The American Immigration Lawyers Association reports that violations of medical standards played a prominent role in eight deaths in immigration detention facilities from 2010 to 2012. The AILA reports that at least 10 deaths have occurred so far in 2017.
The DHS report also noted severe issues with regard to food handling and safety, endangering the health of detainees. “We observed spoiled, wilted, and moldy produce and other food in kitchen refrigerators, as well as food past its expiration date. We also found expired frozen food, including meat, and thawing meat without labels indicating when it had begun thawing or the date by which it must be used.” ICE does not require detention facilities to abide by US Department of Agriculture food safety and handling protocols.
A common thread throughout the study was that administration at these facilities failed to keep records in order to cover its actions. Investigators reviewed electronic and paper medical files and grievance logs. It investigated the health, safety, and welfare requirements, the use of segregation, force, restraints, medical and mental health care, as well as translation and interpretation and the processes by which grievances were handled within facilities.
Inspectors often found grievances that, despite being submitted in the appropriate manner, had not been followed up thoroughly, or were collected only to sit untouched. “Some detainees reported that staff obstructed or delayed their grievances or intimidated them, through fear of retaliation, into not complaining. These deterrents may prevent detainees from filing grievances about serious concerns that should be addressed and resolved,” the report noted.

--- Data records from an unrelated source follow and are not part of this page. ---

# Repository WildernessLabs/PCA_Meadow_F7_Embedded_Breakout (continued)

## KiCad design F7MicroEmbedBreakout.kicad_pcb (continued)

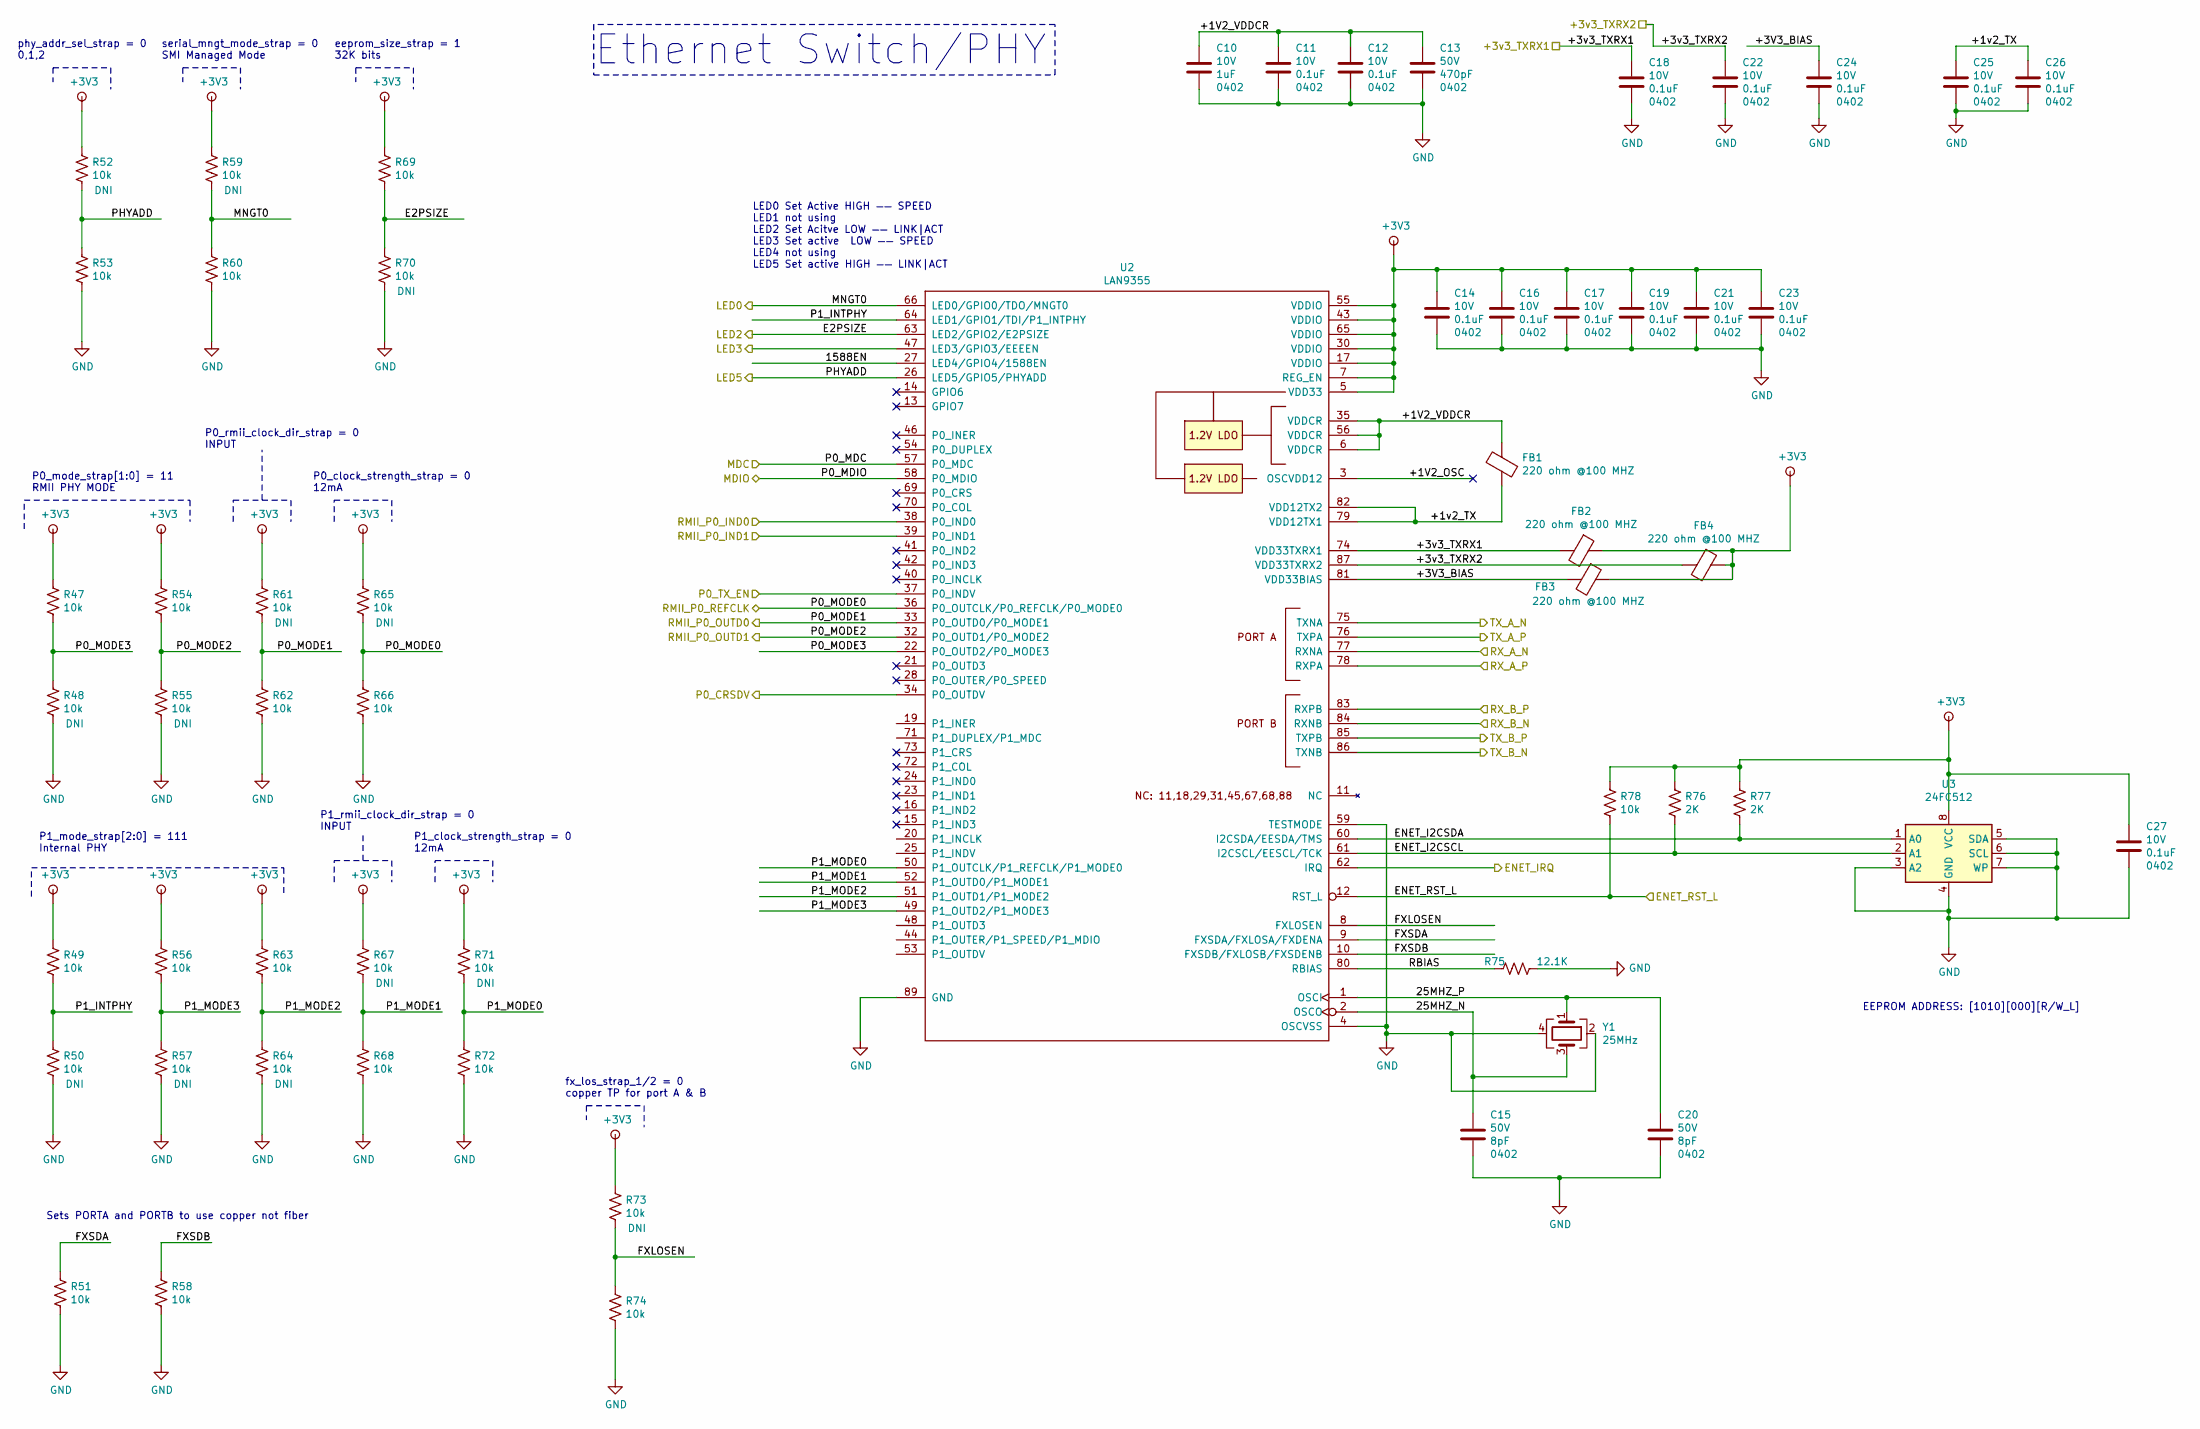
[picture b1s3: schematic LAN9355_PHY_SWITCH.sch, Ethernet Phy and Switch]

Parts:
C10: C_0402_1UF_10V_X5R; C_0402_1005Metric; Voltage 10V; Tolerance 20%
C11, C12, C14, C16, C17, C18, C19, C21, C22, C23, C24, C25, C26, C27: C_0402_0.1UF_10V_X5R; C_0402_1005Metric; Voltage 10V; Tolerance 20%
C13: C_0402_470pF_50V_X5R; C_0402_1005Metric; Voltage 50V; Tolerance 10%
C15, C20: C_0402_8pF_50V_X5R; C_0402_1005Metric; Voltage 50V; Tolerance 0.25pF
FB1, FB2, FB3, FB4: BEAD_BLM18KG221SN1D; R_0603
R47, R48, R49, R50, R51, R52, R53, R54, R55, R56, R57, R58, R59, R60, R61, R62, R63, R64, R65, R66, R67, R68, R69, R70, R71, R72, R73, R74, R78: R_10k_1%_0603; R_0402_1005Metric; Tolerance 1%
R75: R_12K1_1%_0402; R_0402_1005Metric; Tolerance 1%
R76, R77: R_2K_1%_0402; R_0402_1005Metric; Tolerance 1%
U2: LAN9355; QFN-88_EP_12x12_Pitch0.5mm
U3: 24FC512; TSSOP-8_4.4x3mm_P0.65mm
Y1: ABM12W-25.0000MHZ-6-B1U-T3; XTAL_ABM12W-24.0000MHZ-6-B1U-T3

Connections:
+3V3: C14.1, C16.1, C17.1, C19.1, C21.1, C23.1, C27.1, FB2.1, FB3.1, FB4.1, R47.1, R49.1, R52.1, R54.1, R56.1, R59.1, R61.1, R63.1, R65.1, R67.1, R69.1, R71.1, R73.1, R76.1, R77.1, R78.1, U2.5 (VDD33), U2.7 (REG_EN), U2.17 (VDDIO), U2.30 (VDDIO), U2.43 (VDDIO), U2.55 (VDDIO), U2.65 (VDDIO), U3.8 (VCC); also elsewhere on the board
/ENET_SWITCH_PHY/25MHZ_N: C15.1, U2.2 (OSCO), Y1.3
/ENET_SWITCH_PHY/25MHZ_P: C20.1, U2.1 (OSCI), Y1.1
/ENET_SWITCH_PHY/1588EN: U2.27 (LED4/GPIO4/1588EN)
/ENET_SWITCH_PHY/+1V2_OSC: U2.3 (OSCVDD12)
/ENET_SWITCH_PHY/+1V2_VDDCR: C10.1, C11.1, C12.1, C13.1, FB1.2, U2.6 (VDDCR), U2.35 (VDDCR), U2.56 (VDDCR)
/ENET_SWITCH_PHY/+1v2_TX: C25.1, C26.1, FB1.1, U2.79 (VDD12TX1), U2.82 (VDD12TX2)
/ENET_SWITCH_PHY/+3V3_BIAS: C24.1, FB3.2, U2.81 (VDD33BIAS)
/ENET_SWITCH_PHY/+3v3_TXRX1: C18.1, FB2.2, U2.74 (VDD33TXRX1); also elsewhere on the board
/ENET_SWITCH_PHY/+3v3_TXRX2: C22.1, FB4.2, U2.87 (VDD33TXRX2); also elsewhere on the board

Accoring to the report, staff often neglected to tell detainees why they were being segregated. Detainees were found to be held in “administrative segregation for extended periods of time without documented, periodic reviews that are required to justify continued segregation. Some detainees were locked down in their cells for violations of minor rules without required written notification of reasons for lock-down and appeal options.”
The horrific experience of US citizen Davino Watson, illegally held by ICE for three and half years, gives a glimpse into the outright negligence condoned by government officials.
Detention centers are ostensibly not intended to be places of “punishment,” though every indicator points to the similarly violent, unhealthy, and dehumanizing conditions found within US prisons. Since June there have been four hunger strikes at the private for-profit Adelanto Detention Center facility in Southern California alone, which houses 1,900 detainees. The striker’s demands include reduced bond, more time for religious services, paperwork in their native languages, higher quality food, clean water 24 hours a day, and better treatment from guards and staff.
Following a suicide by hanging in August 2017 at Adelanto, detainee Alexander Burgos Mejia, who was first on the scene, reported, “I think doing something like that is something that has crossed the mind of all of us who are locked up here.”
Legislation passed in 2009 required that ICE end contracts with facilities that failed two inspections in a row. However, not one ICE facility has been closed due to multiple failed inspections. The DHS report concludes with toothless recommendations to ICE that function only to provide a veneer of oversight.
Workers and students must advocate the formation of defense committees to protect their friends, families, and communities from the horrors of detention and deportation overseen by Obama and handed down seamlessly to Trump. Supported by both of the ruling parties, ICE is able to act with complete impunity as it subjects immigrants and refugees to conditions worse than those of livestock.